• _What this task involves_
Below is a listing; repeat exactly the lines from the one containing "#211=CARTESIAN_POINT('',(-6.46607145146486,6.5,0.));" to the one containing "#216=VECTOR('',#215,1.);", both included.

• _Task material_

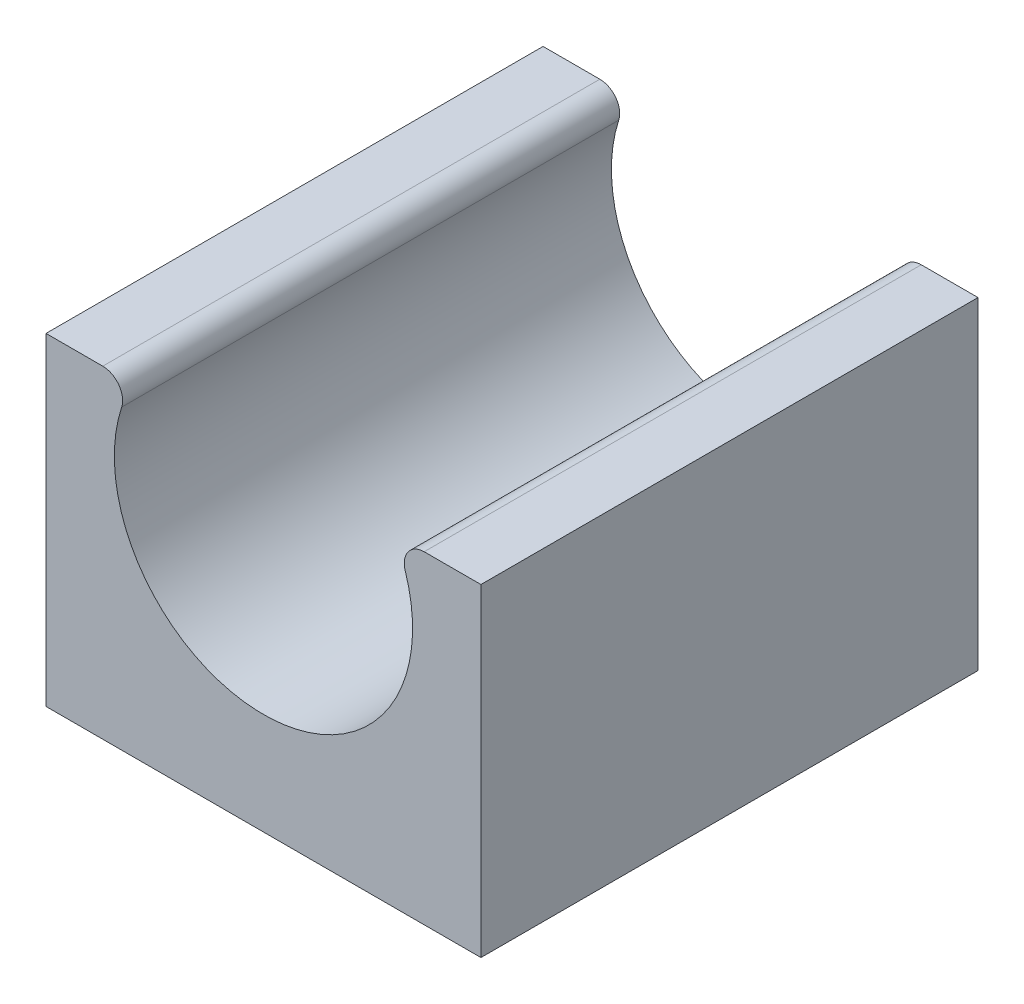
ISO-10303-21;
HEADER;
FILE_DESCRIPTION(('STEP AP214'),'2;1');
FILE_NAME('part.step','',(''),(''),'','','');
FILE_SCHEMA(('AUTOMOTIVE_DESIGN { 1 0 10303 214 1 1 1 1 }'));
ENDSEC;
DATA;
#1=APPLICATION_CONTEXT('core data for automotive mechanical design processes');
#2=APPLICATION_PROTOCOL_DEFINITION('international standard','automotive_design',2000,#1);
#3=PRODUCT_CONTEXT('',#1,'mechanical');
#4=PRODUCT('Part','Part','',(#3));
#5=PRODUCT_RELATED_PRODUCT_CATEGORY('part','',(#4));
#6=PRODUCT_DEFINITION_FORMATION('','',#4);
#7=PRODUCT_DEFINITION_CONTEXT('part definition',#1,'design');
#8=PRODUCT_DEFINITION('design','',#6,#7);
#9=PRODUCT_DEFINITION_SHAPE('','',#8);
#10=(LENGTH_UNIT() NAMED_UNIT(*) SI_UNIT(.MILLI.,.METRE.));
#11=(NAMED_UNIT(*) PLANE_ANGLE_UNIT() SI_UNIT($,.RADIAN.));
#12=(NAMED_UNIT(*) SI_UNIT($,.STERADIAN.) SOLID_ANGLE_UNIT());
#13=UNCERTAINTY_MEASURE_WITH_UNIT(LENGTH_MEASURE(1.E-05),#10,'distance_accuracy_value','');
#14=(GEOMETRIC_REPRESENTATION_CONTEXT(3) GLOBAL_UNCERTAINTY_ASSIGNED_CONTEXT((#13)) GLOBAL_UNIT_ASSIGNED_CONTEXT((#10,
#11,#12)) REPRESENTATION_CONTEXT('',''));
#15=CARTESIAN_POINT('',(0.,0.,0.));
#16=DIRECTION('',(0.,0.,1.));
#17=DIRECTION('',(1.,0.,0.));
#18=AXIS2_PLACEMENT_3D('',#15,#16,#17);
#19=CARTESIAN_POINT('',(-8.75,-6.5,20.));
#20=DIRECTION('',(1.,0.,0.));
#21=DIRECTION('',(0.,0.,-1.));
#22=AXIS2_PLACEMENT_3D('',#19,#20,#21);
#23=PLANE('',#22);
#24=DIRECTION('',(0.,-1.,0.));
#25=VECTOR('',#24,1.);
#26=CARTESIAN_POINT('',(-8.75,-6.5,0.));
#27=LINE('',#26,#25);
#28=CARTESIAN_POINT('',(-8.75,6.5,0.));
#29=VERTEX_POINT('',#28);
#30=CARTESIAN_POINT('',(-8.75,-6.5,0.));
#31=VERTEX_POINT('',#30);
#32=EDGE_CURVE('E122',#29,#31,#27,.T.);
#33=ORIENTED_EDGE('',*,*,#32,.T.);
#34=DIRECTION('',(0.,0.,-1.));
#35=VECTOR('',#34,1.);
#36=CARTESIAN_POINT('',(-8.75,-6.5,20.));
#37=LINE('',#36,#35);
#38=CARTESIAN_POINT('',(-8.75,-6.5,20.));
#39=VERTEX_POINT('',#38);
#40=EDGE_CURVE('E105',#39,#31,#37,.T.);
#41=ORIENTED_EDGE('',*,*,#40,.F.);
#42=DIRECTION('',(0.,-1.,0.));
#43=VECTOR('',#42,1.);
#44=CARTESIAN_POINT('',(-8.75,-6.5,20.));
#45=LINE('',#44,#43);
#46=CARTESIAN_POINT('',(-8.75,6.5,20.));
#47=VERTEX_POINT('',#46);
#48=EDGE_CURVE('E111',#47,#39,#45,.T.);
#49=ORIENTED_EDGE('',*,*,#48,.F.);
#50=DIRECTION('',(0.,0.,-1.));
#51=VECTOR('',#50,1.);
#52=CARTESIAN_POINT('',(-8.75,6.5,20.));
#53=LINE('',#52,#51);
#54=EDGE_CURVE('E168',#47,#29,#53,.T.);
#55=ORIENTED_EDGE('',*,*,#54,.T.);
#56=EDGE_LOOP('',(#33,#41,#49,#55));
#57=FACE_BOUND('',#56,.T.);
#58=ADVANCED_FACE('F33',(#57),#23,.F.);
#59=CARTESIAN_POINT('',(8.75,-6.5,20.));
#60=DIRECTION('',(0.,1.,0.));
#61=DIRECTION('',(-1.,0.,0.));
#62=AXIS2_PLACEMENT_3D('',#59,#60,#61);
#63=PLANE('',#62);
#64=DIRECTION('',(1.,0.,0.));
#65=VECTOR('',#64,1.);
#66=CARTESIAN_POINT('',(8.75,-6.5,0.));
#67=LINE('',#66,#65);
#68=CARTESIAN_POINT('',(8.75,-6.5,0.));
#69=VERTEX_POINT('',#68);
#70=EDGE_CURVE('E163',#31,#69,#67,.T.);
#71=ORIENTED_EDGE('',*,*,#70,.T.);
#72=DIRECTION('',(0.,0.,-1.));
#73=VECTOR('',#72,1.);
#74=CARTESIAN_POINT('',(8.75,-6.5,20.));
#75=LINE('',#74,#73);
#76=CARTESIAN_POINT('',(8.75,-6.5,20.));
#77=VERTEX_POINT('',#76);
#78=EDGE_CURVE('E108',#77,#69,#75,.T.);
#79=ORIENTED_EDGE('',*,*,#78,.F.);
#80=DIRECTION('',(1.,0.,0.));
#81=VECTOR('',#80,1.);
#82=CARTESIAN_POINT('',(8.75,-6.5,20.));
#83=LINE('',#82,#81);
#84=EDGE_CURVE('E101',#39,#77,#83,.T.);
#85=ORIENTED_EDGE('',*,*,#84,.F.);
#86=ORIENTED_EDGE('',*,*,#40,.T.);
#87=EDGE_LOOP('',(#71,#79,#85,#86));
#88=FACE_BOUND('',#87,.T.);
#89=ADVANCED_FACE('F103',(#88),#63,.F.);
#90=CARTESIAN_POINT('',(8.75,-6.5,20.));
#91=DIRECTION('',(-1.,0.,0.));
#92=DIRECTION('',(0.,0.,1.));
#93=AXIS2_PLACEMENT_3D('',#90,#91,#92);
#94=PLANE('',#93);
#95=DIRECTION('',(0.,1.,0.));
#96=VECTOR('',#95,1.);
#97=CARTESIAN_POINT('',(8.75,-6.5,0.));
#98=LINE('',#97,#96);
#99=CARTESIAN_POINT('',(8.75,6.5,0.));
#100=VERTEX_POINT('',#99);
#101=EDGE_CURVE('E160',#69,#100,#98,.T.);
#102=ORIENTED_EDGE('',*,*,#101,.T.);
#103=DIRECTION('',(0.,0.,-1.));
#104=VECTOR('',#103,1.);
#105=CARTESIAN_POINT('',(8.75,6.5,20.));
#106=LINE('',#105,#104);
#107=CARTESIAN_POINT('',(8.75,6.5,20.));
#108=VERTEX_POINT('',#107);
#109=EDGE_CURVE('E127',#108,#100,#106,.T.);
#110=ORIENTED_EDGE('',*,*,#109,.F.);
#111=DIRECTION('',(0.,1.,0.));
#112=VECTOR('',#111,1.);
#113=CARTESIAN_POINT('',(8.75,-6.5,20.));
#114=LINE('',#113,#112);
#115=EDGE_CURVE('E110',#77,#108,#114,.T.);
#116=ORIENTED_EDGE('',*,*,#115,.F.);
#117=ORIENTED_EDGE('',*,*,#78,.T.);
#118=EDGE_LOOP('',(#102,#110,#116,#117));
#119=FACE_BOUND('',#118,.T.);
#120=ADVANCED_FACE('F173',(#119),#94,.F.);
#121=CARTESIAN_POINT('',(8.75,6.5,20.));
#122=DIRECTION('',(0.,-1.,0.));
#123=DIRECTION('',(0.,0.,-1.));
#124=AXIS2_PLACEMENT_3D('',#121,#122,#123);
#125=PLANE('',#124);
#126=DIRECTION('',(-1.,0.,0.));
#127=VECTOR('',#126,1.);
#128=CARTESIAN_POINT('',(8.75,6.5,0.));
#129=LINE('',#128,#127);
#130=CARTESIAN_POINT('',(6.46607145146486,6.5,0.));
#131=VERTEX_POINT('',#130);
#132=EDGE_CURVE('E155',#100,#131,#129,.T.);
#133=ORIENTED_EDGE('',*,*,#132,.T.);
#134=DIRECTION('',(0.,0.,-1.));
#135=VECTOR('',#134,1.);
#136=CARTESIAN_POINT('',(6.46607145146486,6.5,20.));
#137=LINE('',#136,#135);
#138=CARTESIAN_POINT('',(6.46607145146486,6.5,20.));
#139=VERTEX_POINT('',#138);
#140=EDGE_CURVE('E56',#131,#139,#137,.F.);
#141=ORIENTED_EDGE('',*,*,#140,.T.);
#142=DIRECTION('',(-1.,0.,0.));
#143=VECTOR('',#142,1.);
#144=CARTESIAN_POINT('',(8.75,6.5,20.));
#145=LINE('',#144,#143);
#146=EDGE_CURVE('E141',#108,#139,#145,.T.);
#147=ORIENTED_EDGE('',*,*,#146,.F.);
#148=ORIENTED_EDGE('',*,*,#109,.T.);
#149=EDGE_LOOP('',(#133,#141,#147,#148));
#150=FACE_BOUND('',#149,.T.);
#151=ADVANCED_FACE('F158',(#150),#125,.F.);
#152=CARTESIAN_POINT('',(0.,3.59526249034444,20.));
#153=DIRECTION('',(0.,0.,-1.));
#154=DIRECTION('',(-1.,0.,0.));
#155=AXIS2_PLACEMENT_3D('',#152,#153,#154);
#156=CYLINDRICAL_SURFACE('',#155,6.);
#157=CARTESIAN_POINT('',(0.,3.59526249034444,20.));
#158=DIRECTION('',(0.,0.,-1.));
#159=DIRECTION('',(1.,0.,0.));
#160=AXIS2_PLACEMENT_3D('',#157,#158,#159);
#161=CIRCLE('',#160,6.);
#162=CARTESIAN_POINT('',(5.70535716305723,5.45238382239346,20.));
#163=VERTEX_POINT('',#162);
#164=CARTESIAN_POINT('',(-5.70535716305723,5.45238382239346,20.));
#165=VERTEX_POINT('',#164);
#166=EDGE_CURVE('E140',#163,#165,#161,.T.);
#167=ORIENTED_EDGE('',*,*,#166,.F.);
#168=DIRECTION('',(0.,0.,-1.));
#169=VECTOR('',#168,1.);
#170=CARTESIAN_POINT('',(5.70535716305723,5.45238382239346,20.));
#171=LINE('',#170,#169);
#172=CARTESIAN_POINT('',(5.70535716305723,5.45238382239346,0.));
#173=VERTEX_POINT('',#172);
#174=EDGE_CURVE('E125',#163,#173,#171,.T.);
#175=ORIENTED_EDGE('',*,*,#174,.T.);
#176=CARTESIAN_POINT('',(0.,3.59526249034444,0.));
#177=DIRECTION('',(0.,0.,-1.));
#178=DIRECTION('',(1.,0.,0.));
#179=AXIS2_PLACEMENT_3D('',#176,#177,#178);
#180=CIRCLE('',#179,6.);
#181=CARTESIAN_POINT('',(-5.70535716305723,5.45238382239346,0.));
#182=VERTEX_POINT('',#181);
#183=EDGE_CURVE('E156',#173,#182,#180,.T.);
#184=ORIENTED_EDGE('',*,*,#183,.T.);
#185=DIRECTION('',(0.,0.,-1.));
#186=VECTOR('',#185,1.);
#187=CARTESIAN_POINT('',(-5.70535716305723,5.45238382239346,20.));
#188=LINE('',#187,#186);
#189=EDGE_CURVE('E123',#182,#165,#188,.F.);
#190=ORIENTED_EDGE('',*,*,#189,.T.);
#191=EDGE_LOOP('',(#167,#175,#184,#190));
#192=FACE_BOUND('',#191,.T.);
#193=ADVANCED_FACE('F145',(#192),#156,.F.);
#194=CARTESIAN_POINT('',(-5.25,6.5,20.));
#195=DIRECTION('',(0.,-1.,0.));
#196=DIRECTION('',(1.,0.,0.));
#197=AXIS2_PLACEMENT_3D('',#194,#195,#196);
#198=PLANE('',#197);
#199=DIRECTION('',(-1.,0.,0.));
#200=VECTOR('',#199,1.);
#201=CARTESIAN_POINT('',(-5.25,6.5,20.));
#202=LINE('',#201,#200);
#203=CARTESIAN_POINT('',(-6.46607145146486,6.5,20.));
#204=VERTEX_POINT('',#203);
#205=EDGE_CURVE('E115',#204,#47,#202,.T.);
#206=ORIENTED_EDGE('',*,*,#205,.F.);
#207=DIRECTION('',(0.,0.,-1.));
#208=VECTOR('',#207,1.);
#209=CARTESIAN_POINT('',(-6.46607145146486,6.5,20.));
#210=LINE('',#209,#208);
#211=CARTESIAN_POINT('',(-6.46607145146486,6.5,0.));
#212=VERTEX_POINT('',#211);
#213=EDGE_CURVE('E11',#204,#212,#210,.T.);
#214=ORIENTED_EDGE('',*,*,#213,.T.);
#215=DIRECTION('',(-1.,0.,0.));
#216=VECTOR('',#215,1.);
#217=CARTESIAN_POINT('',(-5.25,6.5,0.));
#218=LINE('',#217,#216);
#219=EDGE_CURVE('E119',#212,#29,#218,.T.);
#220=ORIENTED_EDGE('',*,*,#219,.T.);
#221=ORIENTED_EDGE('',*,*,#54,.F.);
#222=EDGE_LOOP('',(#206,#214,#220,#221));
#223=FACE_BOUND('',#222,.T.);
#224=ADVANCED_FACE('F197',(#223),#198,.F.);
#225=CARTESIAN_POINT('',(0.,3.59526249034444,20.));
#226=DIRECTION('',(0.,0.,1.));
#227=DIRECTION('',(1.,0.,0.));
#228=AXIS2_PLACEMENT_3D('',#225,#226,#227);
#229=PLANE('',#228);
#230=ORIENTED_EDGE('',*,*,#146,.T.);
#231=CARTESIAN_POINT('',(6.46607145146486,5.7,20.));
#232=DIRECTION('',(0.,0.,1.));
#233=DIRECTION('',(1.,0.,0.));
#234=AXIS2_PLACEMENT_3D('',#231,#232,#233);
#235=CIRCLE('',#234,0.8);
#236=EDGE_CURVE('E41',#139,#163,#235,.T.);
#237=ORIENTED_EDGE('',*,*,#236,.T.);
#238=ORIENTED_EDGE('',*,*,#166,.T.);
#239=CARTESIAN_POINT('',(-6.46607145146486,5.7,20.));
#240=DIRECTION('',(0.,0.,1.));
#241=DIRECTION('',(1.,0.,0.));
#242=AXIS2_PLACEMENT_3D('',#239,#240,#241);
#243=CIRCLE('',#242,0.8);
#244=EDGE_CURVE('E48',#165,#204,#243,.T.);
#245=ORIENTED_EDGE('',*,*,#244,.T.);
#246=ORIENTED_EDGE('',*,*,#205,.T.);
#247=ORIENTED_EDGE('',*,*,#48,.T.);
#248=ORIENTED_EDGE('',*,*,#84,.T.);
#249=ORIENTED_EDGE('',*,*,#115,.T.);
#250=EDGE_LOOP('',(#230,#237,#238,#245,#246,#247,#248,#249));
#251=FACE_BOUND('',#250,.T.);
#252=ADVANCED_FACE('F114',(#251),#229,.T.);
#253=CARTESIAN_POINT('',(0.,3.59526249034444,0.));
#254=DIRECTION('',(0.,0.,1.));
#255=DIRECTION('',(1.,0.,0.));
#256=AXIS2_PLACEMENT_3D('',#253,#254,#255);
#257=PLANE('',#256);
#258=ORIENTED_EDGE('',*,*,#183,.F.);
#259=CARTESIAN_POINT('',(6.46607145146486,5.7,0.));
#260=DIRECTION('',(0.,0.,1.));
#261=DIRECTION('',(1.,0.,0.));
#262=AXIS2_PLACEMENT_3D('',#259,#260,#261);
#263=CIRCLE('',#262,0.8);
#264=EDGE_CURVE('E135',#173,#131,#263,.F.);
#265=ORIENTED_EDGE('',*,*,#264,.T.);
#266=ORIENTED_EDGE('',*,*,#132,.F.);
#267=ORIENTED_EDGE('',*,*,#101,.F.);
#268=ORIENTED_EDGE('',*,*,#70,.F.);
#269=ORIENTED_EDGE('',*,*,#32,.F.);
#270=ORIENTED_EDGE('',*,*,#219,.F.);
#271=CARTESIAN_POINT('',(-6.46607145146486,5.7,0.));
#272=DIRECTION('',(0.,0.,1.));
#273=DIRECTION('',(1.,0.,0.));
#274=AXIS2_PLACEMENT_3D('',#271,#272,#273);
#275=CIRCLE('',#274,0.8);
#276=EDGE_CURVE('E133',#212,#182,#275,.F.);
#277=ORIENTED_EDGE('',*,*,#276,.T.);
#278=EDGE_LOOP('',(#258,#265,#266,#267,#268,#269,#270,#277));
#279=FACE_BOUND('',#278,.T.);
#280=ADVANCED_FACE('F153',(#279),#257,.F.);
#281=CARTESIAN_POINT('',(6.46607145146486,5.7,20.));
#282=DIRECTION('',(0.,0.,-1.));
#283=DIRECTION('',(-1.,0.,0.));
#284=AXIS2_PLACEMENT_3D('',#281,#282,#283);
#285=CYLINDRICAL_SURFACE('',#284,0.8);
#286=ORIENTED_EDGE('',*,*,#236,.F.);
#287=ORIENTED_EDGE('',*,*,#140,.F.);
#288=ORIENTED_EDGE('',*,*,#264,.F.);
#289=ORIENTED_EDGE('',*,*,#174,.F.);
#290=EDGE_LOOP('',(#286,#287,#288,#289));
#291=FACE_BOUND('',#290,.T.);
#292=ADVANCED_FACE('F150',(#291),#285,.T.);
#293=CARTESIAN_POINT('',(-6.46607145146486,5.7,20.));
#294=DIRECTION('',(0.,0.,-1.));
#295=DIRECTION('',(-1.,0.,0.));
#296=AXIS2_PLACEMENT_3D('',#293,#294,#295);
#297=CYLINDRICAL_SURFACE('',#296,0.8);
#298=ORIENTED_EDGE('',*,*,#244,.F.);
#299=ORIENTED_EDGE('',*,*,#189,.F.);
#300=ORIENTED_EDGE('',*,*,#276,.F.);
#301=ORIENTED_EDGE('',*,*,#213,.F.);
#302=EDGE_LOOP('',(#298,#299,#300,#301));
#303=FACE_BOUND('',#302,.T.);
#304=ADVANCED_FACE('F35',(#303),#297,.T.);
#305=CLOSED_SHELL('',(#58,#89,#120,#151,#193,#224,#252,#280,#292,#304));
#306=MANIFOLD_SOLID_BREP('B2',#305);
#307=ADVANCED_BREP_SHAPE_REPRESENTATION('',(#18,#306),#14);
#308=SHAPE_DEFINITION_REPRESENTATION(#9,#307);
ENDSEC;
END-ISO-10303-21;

• _Finished task_
#211=CARTESIAN_POINT('',(-6.46607145146486,6.5,0.));
#212=VERTEX_POINT('',#211);
#213=EDGE_CURVE('E11',#204,#212,#210,.T.);
#214=ORIENTED_EDGE('',*,*,#213,.T.);
#215=DIRECTION('',(-1.,0.,0.));
#216=VECTOR('',#215,1.);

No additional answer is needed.